Police reform can't be shelved

Frequent corruption disclosures make the need for reform clear, but the public remain disappointed. (File photo)

A recent scandal involving a police officer allegedly taking bribes from a karaoke bar in Nakhon Ratchasima's Pra Thong Kham district is a reminder how the need for reform in the least popular service has not been met.

According to a news report, the allegation emerged earlier this month during a night raid by local administrative officials on a karaoke bar in the northeast province following a complaint the venue was a front for underage prostitution.

The officers found about 12 girls aged between 15-17 on the premises. Seized during the raid was a ledger in which a policeman appeared to have received a monthly kickback payment of 1,000 baht since December 2017. An investigation was launched.

Needless to say, there are many more scandalous cases, involving several branches of police work, that have not been exposed to the media.

Earlier in January this year, an immigration officer who was based in Samut Prakan was accused of taking bribes by allowing foreign travellers to "re-enter" Thailand without them having to actually leave the country. The officer was suspended from duty pending a probe.

But it is not just bribes and under-the-table money that caused public concerns. There are also other issues including negligence of duty and a push for questionable policies including a ban on women from applying for 250 investigation positions in August last year. Such a dubious policy triggered worries among gender advocates that gender-based discrimination will adversely affect investigation in sexual harassment cases.

On top of that are allegations about the rampant position-buying tradition in police force, exposed by heavyweight politicians like Wittaya Kaewparadai. Bribe scandals hit newspaper headlines from time to time.

The latest shenanigans involved six police officers in Nakhon Phanom who attempted to buy a higher position in what appeared to be scam concocted by a taxi driver who faked his Line identity to pose as then Immigration police boss Surachate Hakparn, to wrongfully convince those who hope to get promotions through special means that he could help.

However, the fact that a group of police who were supposed to be good at detecting crime fell victim to the scam raised the question that the position buying process might possibly exist. But Pol Lt Gen Surachate sternly ruled out such malpractice.

But it is unfortunate that despite the dire need for reform, the process has proceeded at a snail's pace. This has undoubtedly led to further public disappointment.

According to several surveys, the police emerge as the career that people most want to see reformed. Complaints about misconduct are plentiful.

When taking power in 2014, the National Council for Peace and Order made police reform one of its top priorities. Gen Prayut, in particular, provided hope to the public that police reform must be achieved in his term.

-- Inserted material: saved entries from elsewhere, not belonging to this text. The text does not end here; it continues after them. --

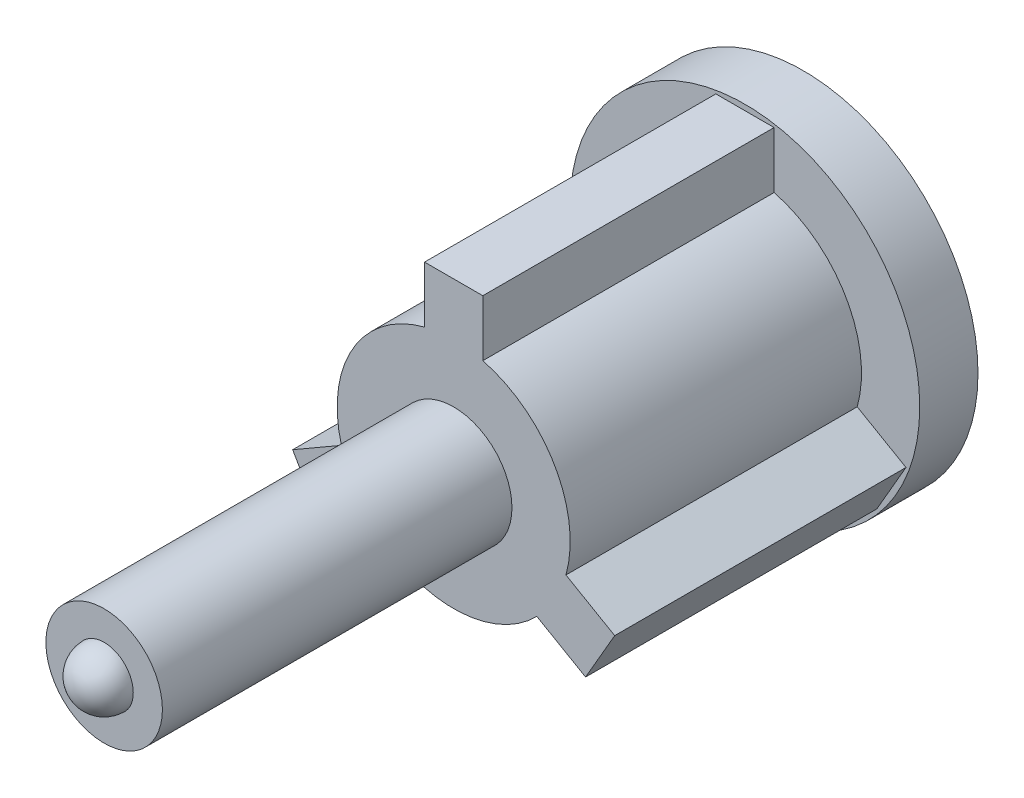
ISO-10303-21;
HEADER;
FILE_DESCRIPTION(('STEP AP214'),'2;1');
FILE_NAME('part.step','',(''),(''),'','','');
FILE_SCHEMA(('AUTOMOTIVE_DESIGN { 1 0 10303 214 1 1 1 1 }'));
ENDSEC;
DATA;
#1=APPLICATION_CONTEXT('core data for automotive mechanical design processes');
#2=APPLICATION_PROTOCOL_DEFINITION('international standard','automotive_design',2000,#1);
#3=PRODUCT_CONTEXT('',#1,'mechanical');
#4=PRODUCT('Part','Part','',(#3));
#5=PRODUCT_RELATED_PRODUCT_CATEGORY('part','',(#4));
#6=PRODUCT_DEFINITION_FORMATION('','',#4);
#7=PRODUCT_DEFINITION_CONTEXT('part definition',#1,'design');
#8=PRODUCT_DEFINITION('design','',#6,#7);
#9=PRODUCT_DEFINITION_SHAPE('','',#8);
#10=(LENGTH_UNIT() NAMED_UNIT(*) SI_UNIT(.MILLI.,.METRE.));
#11=(NAMED_UNIT(*) PLANE_ANGLE_UNIT() SI_UNIT($,.RADIAN.));
#12=(NAMED_UNIT(*) SI_UNIT($,.STERADIAN.) SOLID_ANGLE_UNIT());
#13=UNCERTAINTY_MEASURE_WITH_UNIT(LENGTH_MEASURE(1.E-05),#10,'distance_accuracy_value','');
#14=(GEOMETRIC_REPRESENTATION_CONTEXT(3) GLOBAL_UNCERTAINTY_ASSIGNED_CONTEXT((#13)) GLOBAL_UNIT_ASSIGNED_CONTEXT((#10,
#11,#12)) REPRESENTATION_CONTEXT('',''));
#15=CARTESIAN_POINT('',(0.,0.,0.));
#16=DIRECTION('',(0.,0.,1.));
#17=DIRECTION('',(1.,0.,0.));
#18=AXIS2_PLACEMENT_3D('',#15,#16,#17);
#19=CARTESIAN_POINT('',(0.,0.,1.));
#20=DIRECTION('',(0.,0.,1.));
#21=DIRECTION('',(1.,0.,0.));
#22=AXIS2_PLACEMENT_3D('',#19,#20,#21);
#23=PLANE('',#22);
#24=CARTESIAN_POINT('',(0.,0.,1.));
#25=DIRECTION('',(0.,0.,1.));
#26=DIRECTION('',(1.,0.,0.));
#27=AXIS2_PLACEMENT_3D('',#24,#25,#26);
#28=CIRCLE('',#27,3.);
#29=CARTESIAN_POINT('',(3.,0.,1.));
#30=VERTEX_POINT('',#29);
#31=EDGE_CURVE('E212',#30,#30,#28,.T.);
#32=ORIENTED_EDGE('',*,*,#31,.T.);
#33=EDGE_LOOP('',(#32));
#34=FACE_BOUND('',#33,.T.);
#35=DIRECTION('',(0.499999999999992,-0.866025403784443,0.));
#36=VECTOR('',#35,1.);
#37=CARTESIAN_POINT('',(-2.26381957910646,-1.88436711258346,1.));
#38=LINE('',#37,#36);
#39=CARTESIAN_POINT('',(-2.76381957910646,-1.01834170879901,1.));
#40=VERTEX_POINT('',#39);
#41=CARTESIAN_POINT('',(-2.26381957910646,-1.88436711258346,1.));
#42=VERTEX_POINT('',#41);
#43=EDGE_CURVE('E298',#40,#42,#38,.T.);
#44=ORIENTED_EDGE('',*,*,#43,.F.);
#45=DIRECTION('',(-0.866025403784443,-0.499999999999992,0.));
#46=VECTOR('',#45,1.);
#47=CARTESIAN_POINT('',(-2.76381957910646,-1.01834170879901,1.));
#48=LINE('',#47,#46);
#49=CARTESIAN_POINT('',(-1.92705098312485,-0.535233134659617,1.));
#50=VERTEX_POINT('',#49);
#51=EDGE_CURVE('E145',#50,#40,#48,.T.);
#52=ORIENTED_EDGE('',*,*,#51,.F.);
#53=CARTESIAN_POINT('',(0.,0.,1.));
#54=DIRECTION('',(0.,0.,1.));
#55=DIRECTION('',(1.,0.,0.));
#56=AXIS2_PLACEMENT_3D('',#53,#54,#55);
#57=CIRCLE('',#56,2.);
#58=CARTESIAN_POINT('',(-0.5,1.93649167310371,1.));
#59=VERTEX_POINT('',#58);
#60=EDGE_CURVE('E206',#59,#50,#57,.T.);
#61=ORIENTED_EDGE('',*,*,#60,.F.);
#62=DIRECTION('',(0.,-1.,0.));
#63=VECTOR('',#62,1.);
#64=CARTESIAN_POINT('',(-0.5,2.90270882138252,1.));
#65=LINE('',#64,#63);
#66=CARTESIAN_POINT('',(-0.5,2.90270882138252,1.));
#67=VERTEX_POINT('',#66);
#68=EDGE_CURVE('E180',#67,#59,#65,.T.);
#69=ORIENTED_EDGE('',*,*,#68,.F.);
#70=DIRECTION('',(-1.,0.,0.));
#71=VECTOR('',#70,1.);
#72=CARTESIAN_POINT('',(-0.5,2.90270882138252,1.));
#73=LINE('',#72,#71);
#74=CARTESIAN_POINT('',(0.5,2.90270882138252,1.));
#75=VERTEX_POINT('',#74);
#76=EDGE_CURVE('E186',#75,#67,#73,.T.);
#77=ORIENTED_EDGE('',*,*,#76,.F.);
#78=DIRECTION('',(0.,1.,0.));
#79=VECTOR('',#78,1.);
#80=CARTESIAN_POINT('',(0.5,2.90270882138252,1.));
#81=LINE('',#80,#79);
#82=CARTESIAN_POINT('',(0.5,1.93649167310371,1.));
#83=VERTEX_POINT('',#82);
#84=EDGE_CURVE('E176',#83,#75,#81,.T.);
#85=ORIENTED_EDGE('',*,*,#84,.F.);
#86=CARTESIAN_POINT('',(1.92705098312484,-0.535233134659643,1.));
#87=VERTEX_POINT('',#86);
#88=EDGE_CURVE('E211',#87,#83,#57,.T.);
#89=ORIENTED_EDGE('',*,*,#88,.F.);
#90=DIRECTION('',(-0.866025403784436,0.500000000000004,0.));
#91=VECTOR('',#90,1.);
#92=CARTESIAN_POINT('',(2.76381957910644,-1.01834170879905,1.));
#93=LINE('',#92,#91);
#94=CARTESIAN_POINT('',(2.76381957910644,-1.01834170879905,1.));
#95=VERTEX_POINT('',#94);
#96=EDGE_CURVE('E158',#95,#87,#93,.T.);
#97=ORIENTED_EDGE('',*,*,#96,.F.);
#98=DIRECTION('',(0.500000000000004,0.866025403784436,0.));
#99=VECTOR('',#98,1.);
#100=CARTESIAN_POINT('',(2.76381957910644,-1.01834170879905,1.));
#101=LINE('',#100,#99);
#102=CARTESIAN_POINT('',(2.26381957910644,-1.88436711258349,1.));
#103=VERTEX_POINT('',#102);
#104=EDGE_CURVE('E163',#103,#95,#101,.T.);
#105=ORIENTED_EDGE('',*,*,#104,.F.);
#106=DIRECTION('',(0.866025403784436,-0.500000000000004,0.));
#107=VECTOR('',#106,1.);
#108=CARTESIAN_POINT('',(2.26381957910644,-1.88436711258349,1.));
#109=LINE('',#108,#107);
#110=CARTESIAN_POINT('',(1.42705098312484,-1.40125853844408,1.));
#111=VERTEX_POINT('',#110);
#112=EDGE_CURVE('E154',#111,#103,#109,.T.);
#113=ORIENTED_EDGE('',*,*,#112,.F.);
#114=CARTESIAN_POINT('',(-1.42705098312486,-1.40125853844406,1.));
#115=VERTEX_POINT('',#114);
#116=EDGE_CURVE('E210',#115,#111,#57,.T.);
#117=ORIENTED_EDGE('',*,*,#116,.F.);
#118=DIRECTION('',(0.866025403784443,0.499999999999992,0.));
#119=VECTOR('',#118,1.);
#120=CARTESIAN_POINT('',(-2.26381957910646,-1.88436711258346,1.));
#121=LINE('',#120,#119);
#122=EDGE_CURVE('E133',#42,#115,#121,.T.);
#123=ORIENTED_EDGE('',*,*,#122,.F.);
#124=EDGE_LOOP('',(#44,#52,#61,#69,#77,#85,#89,#97,#105,#113,#117,#123));
#125=FACE_BOUND('',#124,.T.);
#126=ADVANCED_FACE('F34',(#34,#125),#23,.T.);
#127=CARTESIAN_POINT('',(0.,0.,6.));
#128=DIRECTION('',(0.,0.,-1.));
#129=DIRECTION('',(-1.,0.,0.));
#130=AXIS2_PLACEMENT_3D('',#127,#128,#129);
#131=CYLINDRICAL_SURFACE('',#130,2.);
#132=DIRECTION('',(0.,0.,-1.));
#133=VECTOR('',#132,1.);
#134=CARTESIAN_POINT('',(-1.92705098312485,-0.535233134659617,6.));
#135=LINE('',#134,#133);
#136=CARTESIAN_POINT('',(-1.92705098312485,-0.535233134659617,6.));
#137=VERTEX_POINT('',#136);
#138=EDGE_CURVE('E148',#137,#50,#135,.T.);
#139=ORIENTED_EDGE('',*,*,#138,.F.);
#140=CARTESIAN_POINT('',(0.,0.,6.));
#141=DIRECTION('',(0.,0.,1.));
#142=DIRECTION('',(1.,0.,0.));
#143=AXIS2_PLACEMENT_3D('',#140,#141,#142);
#144=CIRCLE('',#143,2.);
#145=CARTESIAN_POINT('',(-0.5,1.93649167310371,6.));
#146=VERTEX_POINT('',#145);
#147=EDGE_CURVE('E129',#146,#137,#144,.T.);
#148=ORIENTED_EDGE('',*,*,#147,.F.);
#149=DIRECTION('',(0.,0.,-1.));
#150=VECTOR('',#149,1.);
#151=CARTESIAN_POINT('',(-0.5,1.93649167310371,6.));
#152=LINE('',#151,#150);
#153=EDGE_CURVE('E194',#59,#146,#152,.F.);
#154=ORIENTED_EDGE('',*,*,#153,.F.);
#155=ORIENTED_EDGE('',*,*,#60,.T.);
#156=EDGE_LOOP('',(#139,#148,#154,#155));
#157=FACE_BOUND('',#156,.T.);
#158=ADVANCED_FACE('F236',(#157),#131,.T.);
#159=DIRECTION('',(0.,0.,-1.));
#160=VECTOR('',#159,1.);
#161=CARTESIAN_POINT('',(-1.42705098312486,-1.40125853844406,6.));
#162=LINE('',#161,#160);
#163=CARTESIAN_POINT('',(-1.42705098312486,-1.40125853844406,6.));
#164=VERTEX_POINT('',#163);
#165=EDGE_CURVE('E146',#115,#164,#162,.F.);
#166=ORIENTED_EDGE('',*,*,#165,.F.);
#167=ORIENTED_EDGE('',*,*,#116,.T.);
#168=DIRECTION('',(0.,0.,-1.));
#169=VECTOR('',#168,1.);
#170=CARTESIAN_POINT('',(1.42705098312484,-1.40125853844408,6.));
#171=LINE('',#170,#169);
#172=CARTESIAN_POINT('',(1.42705098312484,-1.40125853844408,6.));
#173=VERTEX_POINT('',#172);
#174=EDGE_CURVE('E173',#173,#111,#171,.T.);
#175=ORIENTED_EDGE('',*,*,#174,.F.);
#176=EDGE_CURVE('E208',#164,#173,#144,.T.);
#177=ORIENTED_EDGE('',*,*,#176,.F.);
#178=EDGE_LOOP('',(#166,#167,#175,#177));
#179=FACE_BOUND('',#178,.T.);
#180=ADVANCED_FACE('F240',(#179),#131,.T.);
#181=DIRECTION('',(0.,0.,-1.));
#182=VECTOR('',#181,1.);
#183=CARTESIAN_POINT('',(1.92705098312484,-0.535233134659643,6.));
#184=LINE('',#183,#182);
#185=CARTESIAN_POINT('',(1.92705098312484,-0.535233134659643,6.));
#186=VERTEX_POINT('',#185);
#187=EDGE_CURVE('E171',#87,#186,#184,.F.);
#188=ORIENTED_EDGE('',*,*,#187,.F.);
#189=ORIENTED_EDGE('',*,*,#88,.T.);
#190=DIRECTION('',(0.,0.,-1.));
#191=VECTOR('',#190,1.);
#192=CARTESIAN_POINT('',(0.5,1.93649167310371,6.));
#193=LINE('',#192,#191);
#194=CARTESIAN_POINT('',(0.5,1.93649167310371,6.));
#195=VERTEX_POINT('',#194);
#196=EDGE_CURVE('E197',#195,#83,#193,.T.);
#197=ORIENTED_EDGE('',*,*,#196,.F.);
#198=EDGE_CURVE('E203',#186,#195,#144,.T.);
#199=ORIENTED_EDGE('',*,*,#198,.F.);
#200=EDGE_LOOP('',(#188,#189,#197,#199));
#201=FACE_BOUND('',#200,.T.);
#202=ADVANCED_FACE('F231',(#201),#131,.T.);
#203=CARTESIAN_POINT('',(0.,0.,1.));
#204=DIRECTION('',(0.,0.,-1.));
#205=DIRECTION('',(-1.,0.,0.));
#206=AXIS2_PLACEMENT_3D('',#203,#204,#205);
#207=CYLINDRICAL_SURFACE('',#206,3.);
#208=ORIENTED_EDGE('',*,*,#31,.F.);
#209=EDGE_LOOP('',(#208));
#210=FACE_BOUND('',#209,.T.);
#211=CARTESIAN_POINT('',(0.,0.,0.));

The prime minister set up two reform panels over the past four years. The first, which was led by Gen Boonsrang Niampradit, a former supreme commander, started its job in July 2017 but only completed paperwork. It was taken over by a new committee under Meechai Ruchupan, a legal guru who led the constitutional drafting committee.

The Meechai panel brought the reform work back to square one amid some criticism. However, last year it completed two related pieces of legislation for the regime, the National Police Bill and the Criminal Penal Code Bill. The bills, according to Kamnoon Sidhisamarn, who is a panel member, have been filed with the cabinet.

Deputy Prime Minister Wissanu Krea-ngam, another legal guru, announced that the much-expected reform would be for the new administration to process. This is a disappointment because police reform, which is a crucial and challenging task, could be ideal for when the country has a strong administration such as under the Prayut military regime.

Yet, many observers believe the sluggishness or foot dragging is not a technical matter. In fact, some believe the junta may have skipped over reform to avoid rifts with police.

The proposal made by the Meechai panel may not be perfect but at least it makes a significant start. Bypassing it means a waste of time and effort -- and that crushes public hope.